Click http://www.emdgroup.com/disclaimer to access the German, French, 
Spanish and Portuguese versions of this disclaimer.

Re: solrcloud replicas not in sync

Posted by Erick Erickson <er...@gmail.com>.

This is all quite strange. Optimize (BTW, it's rarely
necessary/desirable on an index that changes, despite its name)
shouldn't matter here. CDCR forwards the raw documents to the target
cluster.

Ample time indeed. With a soft commit of 15 seconds, that's your
window (with some slop for how long CDCR takes).

If you do a search and sort by your timestamp descending, what do you
see on the target cluster?
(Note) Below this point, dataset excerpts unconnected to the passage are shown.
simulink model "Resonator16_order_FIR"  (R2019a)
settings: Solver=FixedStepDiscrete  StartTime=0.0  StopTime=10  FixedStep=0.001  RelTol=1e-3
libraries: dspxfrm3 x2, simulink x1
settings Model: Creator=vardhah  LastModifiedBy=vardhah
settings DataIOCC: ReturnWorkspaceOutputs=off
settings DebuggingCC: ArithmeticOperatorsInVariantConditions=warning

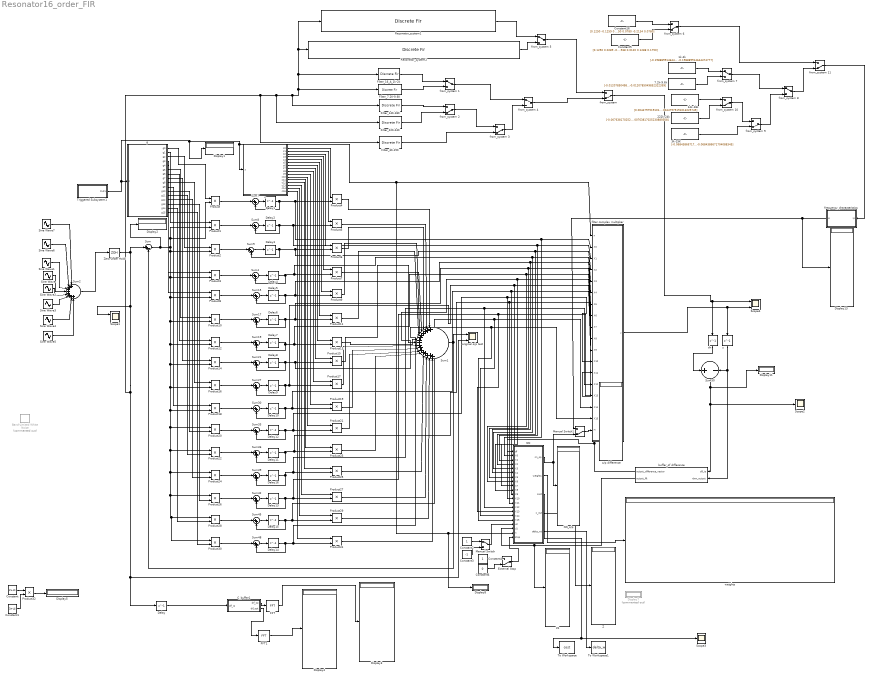
== system Resonator16_order_FIR ==
  "14k-18k " : Constant  Value=[0.00447975191013225745 0.0111493911810838543 0.0275893297063002849 -0.183954681451905411 0.0755136163583744469 0.0976817056268990125 -0.238475271342986128 0.121471156344241021 0.121471156344241021 -0.238475271342986128 0.0976817056268990125 0.0755136163583744469 -0.183954681451905411 0.0275893297063002849 0.0111493911810838543 0.00447975191013225745]  VectorParams1D=off
  1k-2k : Constant  Value=[-0.198889914644374777 0.0882189428518377339 0.0736891495871065116 0.0638368801789635787 0.0566372642221577294 0.0523172683654103132 0.0494565343907736044 0.048157521822162791 0.048157521822162791 0.0494565343907736044 0.0523172683654103132 0.0566372642221577294 0.0638368801789635787 0.0736891495871065116 0.0882189428518377339 -0.198889914644374777]  VectorParams1D=off
  222k-24k : Constant  Value=[-0.00763817025230889308 0.108944026972857946 -0.0989847012675625776 0.124240247797868963 -0.129657713018954679 0.114438069344974691 -0.0787108015776764036 0.0280491419731783154 0.0280491419731783154 -0.0787108015776764036 0.114438069344974691 -0.129657713018954679 0.124240247797868963 -0.0989847012675625776 0.108944026972857946 -0.00763817025230889308]  VectorParams1D=off
  3k-15K : Constant  Value=[-0.0684386671704088345 -0.0216035519389094557 -0.0869907772510868094 -0.0695372998678755599 0.0160068430386171648 -0.171506412844009415 -0.104404398490726372 0.48413102780480427 0.48413102780480427 -0.104404398490726372 -0.171506412844009415 0.0160068430386171648 -0.0695372998678755599 -0.0869907772510868094 -0.0216035519389094557 -0.0684386671704088345]  VectorParams1D=off
  "7.2k-9.6k " : Constant  Value=[-0.0120785049852322399 -0.0942455273574688279 0.0101245004695954266 0.125460404555770566 0.034165372769331126 -0.1614987160724079 -0.0984930555982914957 0.150982315564688691 0.150982315564688691 -0.0984930555982914957 -0.1614987160724079 0.034165372769331126 0.125460404555770566 0.0101245004695954266 -0.0942455273574688279 -0.0120785049852322399]  VectorParams1D=off
  Band-Limited White Noise : simulink/Sources/Band-Limited White Noise  Commented=on  Cov=[0.5]  Ts=0.000003  seed=[23341]
  C_buffer1 : MATLAB Function  TreatAsAtomicUnit=on
  Constant : Constant  Value=2+3i
  Constant1 : Constant  Value=3+4i
  Constant16 : Constant  Value=[0.1250 -0.1259 0 0.0375 0 0.0104 -0.0366 0.0104 0 0.0375 0 -0.1259 0.1250 0.0780 -0.2134 0.0780]  VectorParams1D=off
  Constant2 : Constant
  Constant3 : Constant  Value=-1
  Constant4 : Constant
  Constant5 : Constant  Value=[0.1250 0.0289 -0.0404 -0.0525 -0.0313 -0.0120 -0.0038 0.0018 0 -0.0289 -0.0846 -0.1243 -0.0938 0.0120 0.1288 0.1750]  VectorParams1D=off
  Constant6 : Constant  Value=0
  Delay{,1..16} (17 alike) : Delay  DelayLength=1  InitialCondition=0
  Display{1..5,8,11,13} (8 alike) : Display
  Display7 : Display  Commented=on
  External Stop : ManualSwitch  CurrentSetting=0
  FFT : dspxfrm3/FFT  FFTImplementation=Auto  CompMethod=Table lookup  TableOpt=NEW  TableOptActive=Speed  BitRevOrder=off  Normalize=on  InheritFFTLength=on  FFTLength=64  WrapInput=on  roundingMode=Floor  overflowMode=off  firstCoeffDataTypeStr=Inherit: Same word length as input  firstCoeffLastDataTypeStr=Inherit: Same word length as input  outputMin=[]  outputMax=[]
  FFT1 : dspxfrm3/FFT  FFTImplementation=Auto  CompMethod=Table lookup  TableOpt=NEW  TableOptActive=Speed  BitRevOrder=off  Normalize=on  InheritFFTLength=on  FFTLength=64  WrapInput=on  roundingMode=Floor  overflowMode=off  firstCoeffDataTypeStr=Inherit: Same word length as input  firstCoeffLastDataTypeStr=Inherit: Same word length as input  outputMin=[]  outputMax=[]
  Filter_14K-18K : DiscreteFir  Tag=BlockMethodSubSystem  Coefficients=[0.00447975191013225745 0.0111493911810838543 0.0275893297063002849 -0.183954681451905411 0.0755136163583744469 0.0976817056268990125 -0.238475271342986128 0.121471156344241021 0.121471156344241021 -0.238475271342986128 0.0976817056268990125 0.0755136163583744469 -0.183954681451905411 0.0275893297063002849 0.0111493911810838543 0.00447975191013225745]  InputProcessing=Columns as channels (frame based)
  Filter_16_A_1k-2k : DiscreteFir  Tag=BlockMethodSubSystem  Coefficients=[-0.198889914644374777 0.0882189428518377339 0.0736891495871065116 0.0638368801789635787 0.0566372642221577294 0.0523172683654103132 0.0494565343907736044 0.048157521822162791 0.048157521822162791 0.0494565343907736044 0.0523172683654103132 0.0566372642221577294 0.0638368801789635787 0.0736891495871065116 0.0882189428518377339 -0.198889914644374777]  InputProcessing=Columns as channels (frame based)
  Filter_22K-24K : DiscreteFir  Tag=BlockMethodSubSystem  Coefficients=[-0.00763817025230889308 0.108944026972857946 -0.0989847012675625776 0.124240247797868963 -0.129657713018954679 0.114438069344974691 -0.0787108015776764036 0.0280491419731783154 0.0280491419731783154 -0.0787108015776764036 0.114438069344974691 -0.129657713018954679 0.124240247797868963 -0.0989847012675625776 0.108944026972857946 -0.00763817025230889308]  InputProcessing=Columns as channels (frame based)
  Filter_3K-15K : DiscreteFir  Tag=BlockMethodSubSystem  Coefficients=[-0.0684386671704088345 -0.0216035519389094557 -0.0869907772510868094 -0.0695372998678755599 0.0160068430386171648 -0.171506412844009415 -0.104404398490726372 0.48413102780480427 0.48413102780480427 -0.104404398490726372 -0.171506412844009415 0.0160068430386171648 -0.0695372998678755599 -0.0869907772510868094 -0.0216035519389094557 -0.0684386671704088345]  InputProcessing=Columns as channels (frame based)
  "Filter_7.2K-9.6K " : DiscreteFir  Tag=BlockMethodSubSystem  Coefficients=[-0.0120785049852322399 -0.0942455273574688279 0.0101245004695954266 0.125460404555770566 0.034165372769331126 -0.1614987160724079 -0.0984930555982914957 0.150982315564688691 0.150982315564688691 -0.0984930555982914957 -0.1614987160724079 0.034165372769331126 0.125460404555770566 0.0101245004695954266 -0.0942455273574688279 -0.0120785049852322399]  InputProcessing=Columns as channels (frame based)
  Manual Switch : ManualSwitch
  Manual Switch1 : ManualSwitch  CurrentSetting=0  varsize=on
  NN : MATLAB Function  TreatAsAtomicUnit=on
  NN_o/p : Display
  Product{,1..32} (33 alike) : Product
  "Rezonator_system1 " : DiscreteFir  Tag=BlockMethodSubSystem  Coefficients=[0.1250 -0.1259 0 0.0375 0 0.0104 -0.0366 0.0104 0 0.0375 0 -0.1259 0.1250 0.0780 -0.2134 0.0780]  InputProcessing=Columns as channels (frame based)
  Rezonator_system2 : DiscreteFir  Tag=BlockMethodSubSystem  Coefficients=[0.1250 0.0289 -0.0404 -0.0525 -0.0313 -0.0120 -0.0038 0.0018 0 -0.0289 -0.0846 -0.1243 -0.0938 0.0120 0.1288 0.1750]  InputProcessing=Columns as channels (frame based)
  Scope1 : Scope  NumInputPorts=2
  Scope2 : Scope
  Scope3 : Scope
  Scope4 : Scope  NumInputPorts=2
  Sine Wave : Sin  Amplitude=0  Frequency=5000  SampleTime=0
  Sine Wave1 : Sin  Amplitude=0  Frequency=7000  SampleTime=0
  Sine Wave2 : Sin  Amplitude=0  Frequency=2000  SampleTime=0
  Sine Wave3 : Sin  Amplitude=0  Frequency=479  SampleTime=0
  Sine Wave4 : Sin  Amplitude=0  Frequency=100  SampleTime=0
  Sine Wave5 : Sin  Amplitude=3  Frequency=50  SampleTime=0
  Sine Wave6 : Sin  Amplitude=0  Frequency=11000  SampleTime=0
  Sine Wave7 : Sin  Amplitude=0  Frequency=17000  SampleTime=0
  Sum : Sum  Inputs=|+-
  Sum1 : Sum  Inputs=|++++++++++++++++
  Sum{4,7..9,15,17,19,21,27,30,33,36,39,42,45,48} (16 alike) : Sum  Inputs=|++
  Sum2 : Sum  Inputs=|++++++++
  Sum50 : Sum  Inputs=+-
  To Workspace : ToWorkspace  VariableName=cost  SampleTime=-1
      settings: Save2DSignal=2-D array (concatenate along first dimension)
  To Workspace1 : ToWorkspace  VariableName=delta_w  SampleTime=-1
      settings: Save2DSignal=2-D array (concatenate along first dimension)
  Triggered Subsystem1 : Subsystem  TreatAsAtomicUnit=on
  Z : Display
  Z1 : Display
  Zero-Order Hold : ZeroOrderHold  SampleTime=0.001
  buffer_of difference : MATLAB Function  TreatAsAtomicUnit=on
  c : MATLAB Function  TreatAsAtomicUnit=on
  dn : Delay  DelayLength=1  InitialCondition=0
  filter complex multiplier : MATLAB Function  TreatAsAtomicUnit=on
  frequency_characteristics : MATLAB Function  TreatAsAtomicUnit=on
  from_system {,2..3,6,9..11} (7 alike) : ManualSwitch  CurrentSetting=0
  from_system {1,4..5,7..8} (5 alike) : ManualSwitch
  g : MATLAB Function  TreatAsAtomicUnit=on
  o/p difference : Display
  "original o/p test " : Scope  NumInputPorts=2
  weights : Display
  y : Delay  DelayLength=1  InitialCondition=0
  wires:
  Delay1/1 -> filter complex multiplier/2(X0), NN/2(X0), Product4/2, Sum7/2
  c/1(c0) -> Product4/1
  c/2(c1) -> Product5/1
  c/3(c2) -> Product6/1
  c/4(c3) -> Product7/1
  Delay2/1 -> Sum8/2, filter complex multiplier/3(X1), NN/3(X1), Product5/2
  Delay3/1 -> NN/4(X2), filter complex multiplier/4(X2), Product6/2, Sum9/2
  Delay4/1 -> Sum4/2, NN/5(X3), filter complex multiplier/5(X3), Product7/2
  Sum1/1 -> "original o/p test "/1, Sum/2
  g/1(g0) -> Product/1
  g/2(g1) -> Product1/1
  g/3(g2) -> Product2/1
  g/4(g3) -> Product3/1
  Sum4/1 -> Delay4/1
  Sum9/1 -> Delay3/1
  Sum8/1 -> Delay2/1
  Sum7/1 -> Delay1/1
  Product4/1 -> Sum1/1
  Product5/1 -> Sum1/2
  Product6/1 -> Sum1/3
  Product7/1 -> Sum1/4
  Triggered Subsystem1/1(Out1) -> Display1/1, c/1(n), Display8/1, NN/20(n), filter complex multiplier/1(n), g/1(n)
  Sum/1 -> Display2/1, Product1/2, Product/2, Product2/2, Product10/2, Product12/2, Product14/2, Product16/2, Product30/1, Product28/1, Product26/1, Product24/1, Product22/1, Product20/1, Product18/2, Product8/2, Product3/2
  Product3/1 -> Sum4/1
  Product2/1 -> Sum9/1
  Product1/1 -> Sum8/1
  Product/1 -> Sum7/1
  Product8/1 -> Sum15/1
  Sum15/1 -> Delay5/1
  Delay5/1 -> filter complex multiplier/6(X4), NN/6(X4), Product9/2, Sum15/2
  Product10/1 -> Sum17/1
  Sum17/1 -> Delay6/1
  Delay6/1 -> filter complex multiplier/7(X5), NN/7(X5), Product11/2, Sum17/2
  Product12/1 -> Sum19/1
  Sum19/1 -> Delay7/1
  Delay7/1 -> filter complex multiplier/8(X6), NN/8(X6), Product13/2, Sum19/2
  Product14/1 -> Sum21/1
  Sum21/1 -> Delay8/1
  Delay8/1 -> filter complex multiplier/9(X7), NN/9(X7), Product15/2, Sum21/2
  g/5(g4) -> Product8/1
  g/6(g5) -> Product10/1
  g/7(g6) -> Product12/1
  g/8(g7) -> Product14/1
  c/5(c4) -> Product9/1
  c/6(c5) -> Product11/1
  c/7(c6) -> Product13/1
  c/8(c7) -> Product15/1
  Product9/1 -> Sum1/5
  Product11/1 -> Sum1/6
  Product13/1 -> Sum1/7
  Product15/1 -> Sum1/8
  Product16/1 -> Sum27/1
  Sum27/1 -> Delay9/1
  Delay9/1 -> Product17/2, filter complex multiplier/10(X8), NN/10(X8), Sum27/2
  Sum30/1 -> Delay10/1
  Delay10/1 -> filter complex multiplier/11(X9), NN/11(X9), Product19/2, Sum30/2
  Product18/1 -> Sum30/1
  Sum33/1 -> Delay12/1
  Delay12/1 -> NN/12(X10), filter complex multiplier/12(X10), Product21/2, Sum33/2
  Product22/1 -> Sum36/1
  Product20/1 -> Sum33/1
  Sum36/1 -> Delay11/1
  Sum39/1 -> Delay16/1
  Product26/1 -> Sum42/1
  Sum42/1 -> Delay13/1
  Delay16/1 -> filter complex multiplier/14(X12), NN/14(X12), Product25/2, Sum39/2
  Product24/1 -> Sum39/1
  Delay14/1 -> NN/17(X15), filter complex multiplier/17(X15), Product31/2, Sum48/2
  Sum45/1 -> Delay15/1
  Sum48/1 -> Delay14/1
  Product30/1 -> Sum48/1
  Product28/1 -> Sum45/1
  Delay15/1 -> NN/16(X14), filter complex multiplier/16(X14), Product29/2, Sum45/2
  c/9(c8) -> Product17/1
  c/10(c9) -> Product19/1
  c/11(c10) -> Product21/1
  c/12(c11) -> Product23/1
  c/13(c12) -> Product25/1
  c/14(c13) -> Product27/1
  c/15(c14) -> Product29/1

And when you are indexing and CDCR is
running, your target cluster solr logs should show updates coming in.
Mostly checking if the data is even getting to the target cluster
here.

Also check the tlogs on the source cluster. By "check" here I just
mean "are they reasonable size", and "reasonable" should be very
small. The tlogs are the "queue" that CDCR uses to store docs before
forwarding to the target cluster, so this is just a sanity check. If
they're huge, then CDCR is not forwarding anything to the target
cluster.

It's also vaguely possible that
IgnoreCommitOptimizeUpdateProcessorFactory is interfering, if so it's
a bug and should be reported as a JIRA. If you remove that on the
target cluster, does the behavior change?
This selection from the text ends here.